» Work to be completed
Among the records that follow, set down only the lines from the one containing "#61=DIRECTION('',(-1.,0.,0.));" to the one containing "#81=VECTOR('',#80,1.);", both included, exactly.
Provided material: Begin
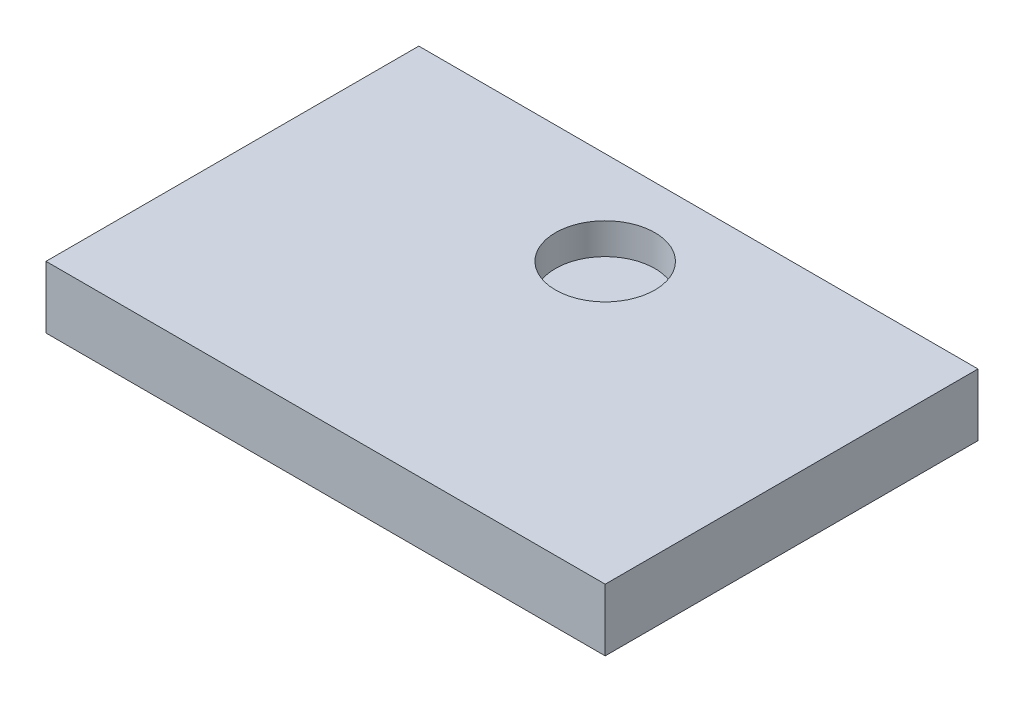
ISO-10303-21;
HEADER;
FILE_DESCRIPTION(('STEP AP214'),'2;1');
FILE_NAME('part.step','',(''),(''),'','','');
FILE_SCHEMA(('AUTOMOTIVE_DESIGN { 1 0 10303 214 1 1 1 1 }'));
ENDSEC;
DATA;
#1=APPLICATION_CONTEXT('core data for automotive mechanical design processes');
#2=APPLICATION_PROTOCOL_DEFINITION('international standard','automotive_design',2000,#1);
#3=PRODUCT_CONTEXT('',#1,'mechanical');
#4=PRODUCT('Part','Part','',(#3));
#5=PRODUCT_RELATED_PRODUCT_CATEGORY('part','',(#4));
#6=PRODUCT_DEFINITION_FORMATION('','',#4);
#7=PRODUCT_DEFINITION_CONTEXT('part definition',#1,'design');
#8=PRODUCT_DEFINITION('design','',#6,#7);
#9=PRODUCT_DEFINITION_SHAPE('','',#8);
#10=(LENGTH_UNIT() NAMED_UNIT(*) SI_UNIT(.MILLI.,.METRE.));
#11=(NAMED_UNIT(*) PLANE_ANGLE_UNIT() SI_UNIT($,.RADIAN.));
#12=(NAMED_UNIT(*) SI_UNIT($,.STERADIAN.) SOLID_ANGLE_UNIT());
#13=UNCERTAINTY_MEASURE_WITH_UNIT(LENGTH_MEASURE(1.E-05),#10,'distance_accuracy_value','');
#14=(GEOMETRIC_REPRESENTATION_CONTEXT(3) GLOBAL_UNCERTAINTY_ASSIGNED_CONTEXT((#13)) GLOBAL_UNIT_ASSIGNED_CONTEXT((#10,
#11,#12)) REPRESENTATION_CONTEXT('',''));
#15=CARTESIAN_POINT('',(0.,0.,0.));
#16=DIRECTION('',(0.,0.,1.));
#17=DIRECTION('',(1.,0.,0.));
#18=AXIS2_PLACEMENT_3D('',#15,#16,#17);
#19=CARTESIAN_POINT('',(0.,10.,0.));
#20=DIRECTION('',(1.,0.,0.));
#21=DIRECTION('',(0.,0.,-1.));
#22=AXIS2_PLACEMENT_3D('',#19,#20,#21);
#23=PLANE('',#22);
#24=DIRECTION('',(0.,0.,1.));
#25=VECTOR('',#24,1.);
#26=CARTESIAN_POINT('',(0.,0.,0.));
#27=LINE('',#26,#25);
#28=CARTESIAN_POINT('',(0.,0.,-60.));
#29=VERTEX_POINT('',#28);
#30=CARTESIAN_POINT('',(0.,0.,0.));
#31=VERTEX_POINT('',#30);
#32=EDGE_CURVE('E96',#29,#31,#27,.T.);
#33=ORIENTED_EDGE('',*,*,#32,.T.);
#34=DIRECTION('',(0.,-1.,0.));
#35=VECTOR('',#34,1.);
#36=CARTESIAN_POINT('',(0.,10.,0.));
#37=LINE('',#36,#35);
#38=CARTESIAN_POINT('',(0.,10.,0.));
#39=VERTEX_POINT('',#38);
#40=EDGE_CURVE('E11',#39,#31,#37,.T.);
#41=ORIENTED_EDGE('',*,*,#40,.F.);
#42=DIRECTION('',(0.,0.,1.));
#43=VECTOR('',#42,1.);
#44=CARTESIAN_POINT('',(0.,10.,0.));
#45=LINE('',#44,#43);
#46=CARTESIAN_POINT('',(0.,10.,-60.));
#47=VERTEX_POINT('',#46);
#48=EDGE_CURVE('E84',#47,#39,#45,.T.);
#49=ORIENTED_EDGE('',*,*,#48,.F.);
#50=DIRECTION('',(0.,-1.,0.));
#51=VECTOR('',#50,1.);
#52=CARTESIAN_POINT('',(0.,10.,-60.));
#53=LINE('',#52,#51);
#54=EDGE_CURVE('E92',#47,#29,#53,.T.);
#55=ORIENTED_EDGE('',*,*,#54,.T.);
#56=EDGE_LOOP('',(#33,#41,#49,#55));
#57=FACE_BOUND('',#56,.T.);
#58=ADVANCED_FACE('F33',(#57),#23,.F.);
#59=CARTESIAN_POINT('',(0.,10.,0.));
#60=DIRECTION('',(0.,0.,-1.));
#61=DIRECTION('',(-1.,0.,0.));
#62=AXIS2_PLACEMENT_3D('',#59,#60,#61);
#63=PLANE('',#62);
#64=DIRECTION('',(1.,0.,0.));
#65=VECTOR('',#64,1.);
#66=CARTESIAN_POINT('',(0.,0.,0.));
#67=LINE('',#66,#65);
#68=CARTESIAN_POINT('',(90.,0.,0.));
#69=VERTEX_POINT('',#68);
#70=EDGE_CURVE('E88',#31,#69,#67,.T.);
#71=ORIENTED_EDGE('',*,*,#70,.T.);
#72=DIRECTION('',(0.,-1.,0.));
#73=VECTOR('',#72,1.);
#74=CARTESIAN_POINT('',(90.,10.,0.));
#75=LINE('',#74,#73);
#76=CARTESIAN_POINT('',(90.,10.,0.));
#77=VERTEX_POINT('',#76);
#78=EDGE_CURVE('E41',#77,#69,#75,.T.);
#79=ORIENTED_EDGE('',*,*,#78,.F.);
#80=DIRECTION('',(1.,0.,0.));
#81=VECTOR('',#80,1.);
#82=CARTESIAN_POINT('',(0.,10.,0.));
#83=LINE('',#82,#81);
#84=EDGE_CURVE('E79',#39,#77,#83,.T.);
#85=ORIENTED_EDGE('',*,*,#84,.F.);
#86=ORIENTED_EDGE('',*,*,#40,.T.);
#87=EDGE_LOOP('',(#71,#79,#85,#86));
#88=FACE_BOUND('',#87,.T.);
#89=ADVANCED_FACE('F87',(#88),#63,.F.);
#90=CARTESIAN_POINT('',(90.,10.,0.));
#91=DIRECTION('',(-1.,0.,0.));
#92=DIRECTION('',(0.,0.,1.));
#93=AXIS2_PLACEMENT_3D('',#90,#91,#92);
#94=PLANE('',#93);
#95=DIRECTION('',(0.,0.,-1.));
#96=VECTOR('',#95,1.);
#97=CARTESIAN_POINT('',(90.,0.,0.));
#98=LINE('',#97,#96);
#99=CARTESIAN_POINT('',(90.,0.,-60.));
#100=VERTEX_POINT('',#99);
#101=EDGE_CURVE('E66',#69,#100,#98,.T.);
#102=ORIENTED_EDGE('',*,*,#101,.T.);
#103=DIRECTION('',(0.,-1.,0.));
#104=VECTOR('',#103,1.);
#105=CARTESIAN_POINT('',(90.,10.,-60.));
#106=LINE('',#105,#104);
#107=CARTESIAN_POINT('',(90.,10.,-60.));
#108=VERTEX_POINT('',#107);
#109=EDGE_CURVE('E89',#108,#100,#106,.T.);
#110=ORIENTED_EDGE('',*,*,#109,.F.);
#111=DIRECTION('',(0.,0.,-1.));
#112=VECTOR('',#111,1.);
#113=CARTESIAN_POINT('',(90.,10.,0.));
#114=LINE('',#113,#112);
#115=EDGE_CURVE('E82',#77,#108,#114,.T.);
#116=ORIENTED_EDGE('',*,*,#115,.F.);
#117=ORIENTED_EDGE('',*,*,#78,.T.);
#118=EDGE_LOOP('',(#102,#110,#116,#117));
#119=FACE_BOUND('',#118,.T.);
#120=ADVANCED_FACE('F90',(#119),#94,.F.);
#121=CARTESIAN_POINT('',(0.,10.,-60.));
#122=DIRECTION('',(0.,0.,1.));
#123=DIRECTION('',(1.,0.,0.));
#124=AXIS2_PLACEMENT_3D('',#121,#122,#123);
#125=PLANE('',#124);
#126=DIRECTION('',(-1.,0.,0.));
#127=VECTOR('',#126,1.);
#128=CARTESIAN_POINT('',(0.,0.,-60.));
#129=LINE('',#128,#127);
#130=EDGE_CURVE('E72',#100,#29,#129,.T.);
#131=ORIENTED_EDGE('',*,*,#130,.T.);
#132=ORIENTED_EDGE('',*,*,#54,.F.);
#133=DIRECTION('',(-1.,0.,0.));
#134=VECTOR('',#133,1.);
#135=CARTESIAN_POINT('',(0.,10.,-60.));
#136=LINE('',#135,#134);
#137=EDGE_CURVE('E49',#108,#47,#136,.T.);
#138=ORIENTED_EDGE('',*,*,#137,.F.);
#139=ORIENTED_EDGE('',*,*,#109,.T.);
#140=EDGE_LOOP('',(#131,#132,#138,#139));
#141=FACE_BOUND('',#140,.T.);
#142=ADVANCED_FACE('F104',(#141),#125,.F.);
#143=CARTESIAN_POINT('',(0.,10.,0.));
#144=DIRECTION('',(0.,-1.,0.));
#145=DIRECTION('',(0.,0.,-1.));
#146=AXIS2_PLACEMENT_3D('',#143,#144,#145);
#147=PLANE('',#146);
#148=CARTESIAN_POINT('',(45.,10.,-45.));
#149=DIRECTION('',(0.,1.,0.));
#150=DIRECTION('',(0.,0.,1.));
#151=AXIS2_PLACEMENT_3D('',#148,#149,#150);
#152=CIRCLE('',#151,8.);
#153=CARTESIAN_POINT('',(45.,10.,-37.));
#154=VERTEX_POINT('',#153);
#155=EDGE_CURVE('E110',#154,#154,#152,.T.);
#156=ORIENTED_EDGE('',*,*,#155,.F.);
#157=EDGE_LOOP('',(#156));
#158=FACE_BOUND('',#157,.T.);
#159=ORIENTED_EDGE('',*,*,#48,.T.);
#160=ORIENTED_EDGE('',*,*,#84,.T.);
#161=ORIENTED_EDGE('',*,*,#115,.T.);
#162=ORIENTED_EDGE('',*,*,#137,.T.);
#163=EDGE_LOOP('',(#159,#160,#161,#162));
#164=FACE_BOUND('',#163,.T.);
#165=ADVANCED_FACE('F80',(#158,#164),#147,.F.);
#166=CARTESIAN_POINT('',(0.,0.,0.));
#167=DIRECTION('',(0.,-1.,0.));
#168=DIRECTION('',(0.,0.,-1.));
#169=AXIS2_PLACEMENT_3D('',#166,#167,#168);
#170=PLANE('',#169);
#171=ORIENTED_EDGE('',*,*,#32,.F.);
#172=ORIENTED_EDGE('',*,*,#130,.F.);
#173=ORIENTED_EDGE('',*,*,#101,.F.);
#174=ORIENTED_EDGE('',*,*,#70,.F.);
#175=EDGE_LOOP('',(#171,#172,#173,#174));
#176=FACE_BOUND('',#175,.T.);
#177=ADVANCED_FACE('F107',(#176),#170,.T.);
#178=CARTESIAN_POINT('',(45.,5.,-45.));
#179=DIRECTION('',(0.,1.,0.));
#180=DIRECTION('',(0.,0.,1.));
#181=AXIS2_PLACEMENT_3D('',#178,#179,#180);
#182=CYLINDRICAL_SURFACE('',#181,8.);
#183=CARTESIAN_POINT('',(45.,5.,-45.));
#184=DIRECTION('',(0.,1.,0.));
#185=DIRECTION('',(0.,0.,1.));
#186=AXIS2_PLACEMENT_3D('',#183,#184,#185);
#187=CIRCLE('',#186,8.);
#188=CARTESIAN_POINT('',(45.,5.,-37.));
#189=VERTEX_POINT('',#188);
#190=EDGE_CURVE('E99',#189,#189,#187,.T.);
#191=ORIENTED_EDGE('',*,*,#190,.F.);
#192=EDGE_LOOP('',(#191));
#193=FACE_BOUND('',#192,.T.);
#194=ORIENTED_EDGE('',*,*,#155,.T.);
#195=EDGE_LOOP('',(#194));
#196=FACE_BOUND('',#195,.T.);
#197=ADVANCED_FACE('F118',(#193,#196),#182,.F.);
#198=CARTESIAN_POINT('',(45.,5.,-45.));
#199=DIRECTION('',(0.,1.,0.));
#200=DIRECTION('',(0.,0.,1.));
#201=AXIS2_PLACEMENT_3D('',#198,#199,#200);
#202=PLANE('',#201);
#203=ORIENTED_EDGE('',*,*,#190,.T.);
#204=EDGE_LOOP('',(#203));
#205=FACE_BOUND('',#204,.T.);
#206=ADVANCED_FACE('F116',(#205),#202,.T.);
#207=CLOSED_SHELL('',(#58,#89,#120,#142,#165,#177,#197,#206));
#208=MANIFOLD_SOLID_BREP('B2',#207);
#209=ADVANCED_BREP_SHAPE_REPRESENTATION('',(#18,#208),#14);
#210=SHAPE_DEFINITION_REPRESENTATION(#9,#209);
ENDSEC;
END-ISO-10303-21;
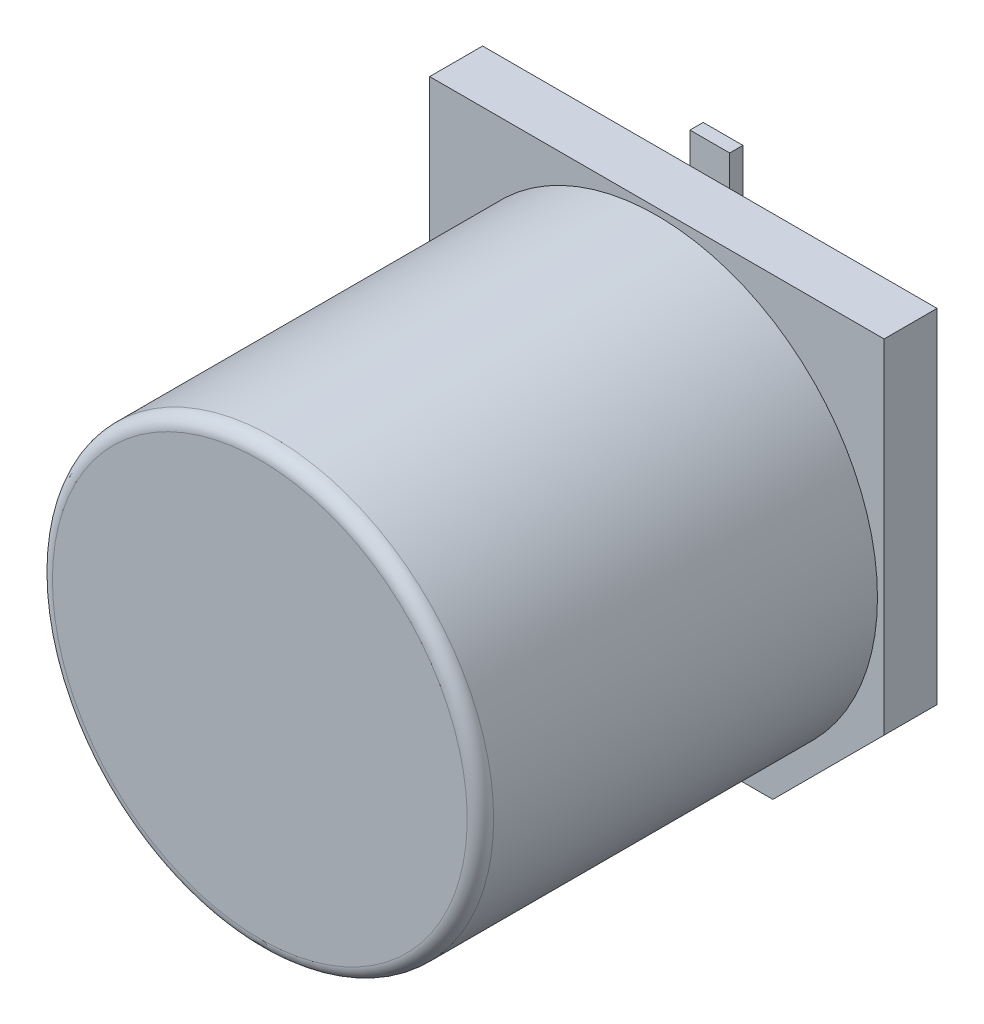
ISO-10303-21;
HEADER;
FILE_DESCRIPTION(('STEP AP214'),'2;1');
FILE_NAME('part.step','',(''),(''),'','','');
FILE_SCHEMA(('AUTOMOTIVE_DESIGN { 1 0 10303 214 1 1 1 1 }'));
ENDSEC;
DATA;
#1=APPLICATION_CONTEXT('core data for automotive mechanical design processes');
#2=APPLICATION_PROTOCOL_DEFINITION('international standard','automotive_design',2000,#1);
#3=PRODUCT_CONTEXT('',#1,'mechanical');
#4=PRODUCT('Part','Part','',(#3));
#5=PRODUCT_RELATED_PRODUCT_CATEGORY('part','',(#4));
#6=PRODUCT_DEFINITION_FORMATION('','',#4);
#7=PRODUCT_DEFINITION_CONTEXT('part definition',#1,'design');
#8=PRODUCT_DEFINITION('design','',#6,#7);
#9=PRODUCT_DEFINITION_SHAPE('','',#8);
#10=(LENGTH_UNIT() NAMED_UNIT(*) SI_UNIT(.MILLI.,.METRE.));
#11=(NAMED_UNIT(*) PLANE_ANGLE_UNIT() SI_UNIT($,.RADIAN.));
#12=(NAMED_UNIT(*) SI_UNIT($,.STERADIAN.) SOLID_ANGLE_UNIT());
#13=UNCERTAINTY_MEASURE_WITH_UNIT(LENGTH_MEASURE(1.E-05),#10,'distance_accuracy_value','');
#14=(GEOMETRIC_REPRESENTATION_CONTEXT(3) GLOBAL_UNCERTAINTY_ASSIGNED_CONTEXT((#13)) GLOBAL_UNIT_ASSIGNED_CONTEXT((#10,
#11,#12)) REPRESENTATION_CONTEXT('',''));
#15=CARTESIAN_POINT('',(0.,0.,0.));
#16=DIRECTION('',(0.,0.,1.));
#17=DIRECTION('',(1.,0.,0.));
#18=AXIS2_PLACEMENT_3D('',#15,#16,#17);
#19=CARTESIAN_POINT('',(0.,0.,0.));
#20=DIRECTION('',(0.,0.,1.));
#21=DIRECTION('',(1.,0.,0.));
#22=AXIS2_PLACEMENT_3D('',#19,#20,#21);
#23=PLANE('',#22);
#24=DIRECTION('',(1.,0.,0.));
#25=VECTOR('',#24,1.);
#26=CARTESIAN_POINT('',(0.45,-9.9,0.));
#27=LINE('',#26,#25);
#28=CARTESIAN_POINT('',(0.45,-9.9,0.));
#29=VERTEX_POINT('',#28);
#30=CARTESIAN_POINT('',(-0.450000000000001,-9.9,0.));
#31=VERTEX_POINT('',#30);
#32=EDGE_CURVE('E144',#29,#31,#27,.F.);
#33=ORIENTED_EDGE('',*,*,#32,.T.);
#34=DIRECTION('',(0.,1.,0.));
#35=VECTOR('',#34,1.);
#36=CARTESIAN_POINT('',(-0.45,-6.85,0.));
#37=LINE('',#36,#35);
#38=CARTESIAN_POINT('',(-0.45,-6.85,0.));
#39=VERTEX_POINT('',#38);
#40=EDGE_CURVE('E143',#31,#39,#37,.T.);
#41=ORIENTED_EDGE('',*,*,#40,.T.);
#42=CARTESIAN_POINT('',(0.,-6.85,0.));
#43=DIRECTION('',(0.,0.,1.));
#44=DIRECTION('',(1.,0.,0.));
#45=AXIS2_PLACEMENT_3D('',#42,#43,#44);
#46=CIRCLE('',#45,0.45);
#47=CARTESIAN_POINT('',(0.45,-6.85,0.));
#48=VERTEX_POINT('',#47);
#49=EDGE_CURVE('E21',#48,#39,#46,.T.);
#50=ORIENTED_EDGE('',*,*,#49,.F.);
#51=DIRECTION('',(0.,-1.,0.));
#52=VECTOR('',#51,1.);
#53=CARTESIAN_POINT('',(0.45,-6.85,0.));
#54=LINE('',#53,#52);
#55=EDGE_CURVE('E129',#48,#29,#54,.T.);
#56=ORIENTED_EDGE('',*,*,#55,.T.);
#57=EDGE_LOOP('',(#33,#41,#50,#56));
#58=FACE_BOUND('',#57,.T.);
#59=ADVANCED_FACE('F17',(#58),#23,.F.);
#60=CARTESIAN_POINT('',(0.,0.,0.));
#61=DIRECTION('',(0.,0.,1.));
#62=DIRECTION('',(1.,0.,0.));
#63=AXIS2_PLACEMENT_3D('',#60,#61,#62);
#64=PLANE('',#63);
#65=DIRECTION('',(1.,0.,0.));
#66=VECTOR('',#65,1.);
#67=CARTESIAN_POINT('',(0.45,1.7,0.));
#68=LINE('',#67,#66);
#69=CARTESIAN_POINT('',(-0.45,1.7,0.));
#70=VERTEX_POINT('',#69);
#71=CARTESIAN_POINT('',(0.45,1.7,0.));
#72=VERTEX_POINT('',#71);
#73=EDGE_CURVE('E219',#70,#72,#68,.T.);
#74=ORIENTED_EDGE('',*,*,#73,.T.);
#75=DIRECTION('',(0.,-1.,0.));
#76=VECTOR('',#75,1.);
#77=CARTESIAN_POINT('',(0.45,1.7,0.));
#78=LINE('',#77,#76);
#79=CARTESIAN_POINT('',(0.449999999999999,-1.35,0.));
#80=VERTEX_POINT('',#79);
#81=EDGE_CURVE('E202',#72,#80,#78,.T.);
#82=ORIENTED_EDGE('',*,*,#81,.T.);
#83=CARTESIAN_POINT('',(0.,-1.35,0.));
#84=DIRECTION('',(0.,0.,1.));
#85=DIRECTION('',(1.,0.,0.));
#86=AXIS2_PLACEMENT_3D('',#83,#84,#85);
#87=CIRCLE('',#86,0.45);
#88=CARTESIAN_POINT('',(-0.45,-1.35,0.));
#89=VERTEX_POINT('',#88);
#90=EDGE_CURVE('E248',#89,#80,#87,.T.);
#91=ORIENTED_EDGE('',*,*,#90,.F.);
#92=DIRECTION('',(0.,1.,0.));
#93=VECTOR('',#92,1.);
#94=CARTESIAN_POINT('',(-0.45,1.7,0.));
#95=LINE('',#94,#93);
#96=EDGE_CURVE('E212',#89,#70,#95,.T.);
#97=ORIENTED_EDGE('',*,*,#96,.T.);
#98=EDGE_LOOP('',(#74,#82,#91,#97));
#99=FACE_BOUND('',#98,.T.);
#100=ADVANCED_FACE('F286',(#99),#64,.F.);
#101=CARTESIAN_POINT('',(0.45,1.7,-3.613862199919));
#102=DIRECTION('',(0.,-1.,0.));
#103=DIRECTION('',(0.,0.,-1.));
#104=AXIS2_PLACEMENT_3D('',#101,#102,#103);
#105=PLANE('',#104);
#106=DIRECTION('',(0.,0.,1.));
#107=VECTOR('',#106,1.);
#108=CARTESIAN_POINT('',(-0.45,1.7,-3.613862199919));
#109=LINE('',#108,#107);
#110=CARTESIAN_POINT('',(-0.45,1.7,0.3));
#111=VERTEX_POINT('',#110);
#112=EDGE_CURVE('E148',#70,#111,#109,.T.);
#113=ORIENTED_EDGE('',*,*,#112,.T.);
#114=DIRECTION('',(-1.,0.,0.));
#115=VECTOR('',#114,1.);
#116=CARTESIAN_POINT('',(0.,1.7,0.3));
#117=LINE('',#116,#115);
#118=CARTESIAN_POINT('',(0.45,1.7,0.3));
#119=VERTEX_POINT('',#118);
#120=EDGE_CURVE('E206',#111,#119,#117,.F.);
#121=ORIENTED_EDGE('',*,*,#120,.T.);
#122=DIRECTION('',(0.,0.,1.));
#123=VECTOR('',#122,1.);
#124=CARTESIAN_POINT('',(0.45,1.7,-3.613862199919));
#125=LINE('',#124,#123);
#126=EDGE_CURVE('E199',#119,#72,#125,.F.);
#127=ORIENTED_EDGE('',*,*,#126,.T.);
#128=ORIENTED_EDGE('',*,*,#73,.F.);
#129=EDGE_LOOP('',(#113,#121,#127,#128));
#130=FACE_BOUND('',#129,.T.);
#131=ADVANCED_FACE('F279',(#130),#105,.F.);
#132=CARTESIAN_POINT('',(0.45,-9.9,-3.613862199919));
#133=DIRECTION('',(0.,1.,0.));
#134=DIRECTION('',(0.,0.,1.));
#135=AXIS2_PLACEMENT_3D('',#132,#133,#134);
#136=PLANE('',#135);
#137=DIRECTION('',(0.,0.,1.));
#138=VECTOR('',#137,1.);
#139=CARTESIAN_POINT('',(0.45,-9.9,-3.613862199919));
Provided material: End
» Task response
#61=DIRECTION('',(-1.,0.,0.));
#62=AXIS2_PLACEMENT_3D('',#59,#60,#61);
#63=PLANE('',#62);
#64=DIRECTION('',(1.,0.,0.));
#65=VECTOR('',#64,1.);
#66=CARTESIAN_POINT('',(0.,0.,0.));
#67=LINE('',#66,#65);
#68=CARTESIAN_POINT('',(90.,0.,0.));
#69=VERTEX_POINT('',#68);
#70=EDGE_CURVE('E88',#31,#69,#67,.T.);
#71=ORIENTED_EDGE('',*,*,#70,.T.);
#72=DIRECTION('',(0.,-1.,0.));
#73=VECTOR('',#72,1.);
#74=CARTESIAN_POINT('',(90.,10.,0.));
#75=LINE('',#74,#73);
#76=CARTESIAN_POINT('',(90.,10.,0.));
#77=VERTEX_POINT('',#76);
#78=EDGE_CURVE('E41',#77,#69,#75,.T.);
#79=ORIENTED_EDGE('',*,*,#78,.F.);
#80=DIRECTION('',(1.,0.,0.));
#81=VECTOR('',#80,1.);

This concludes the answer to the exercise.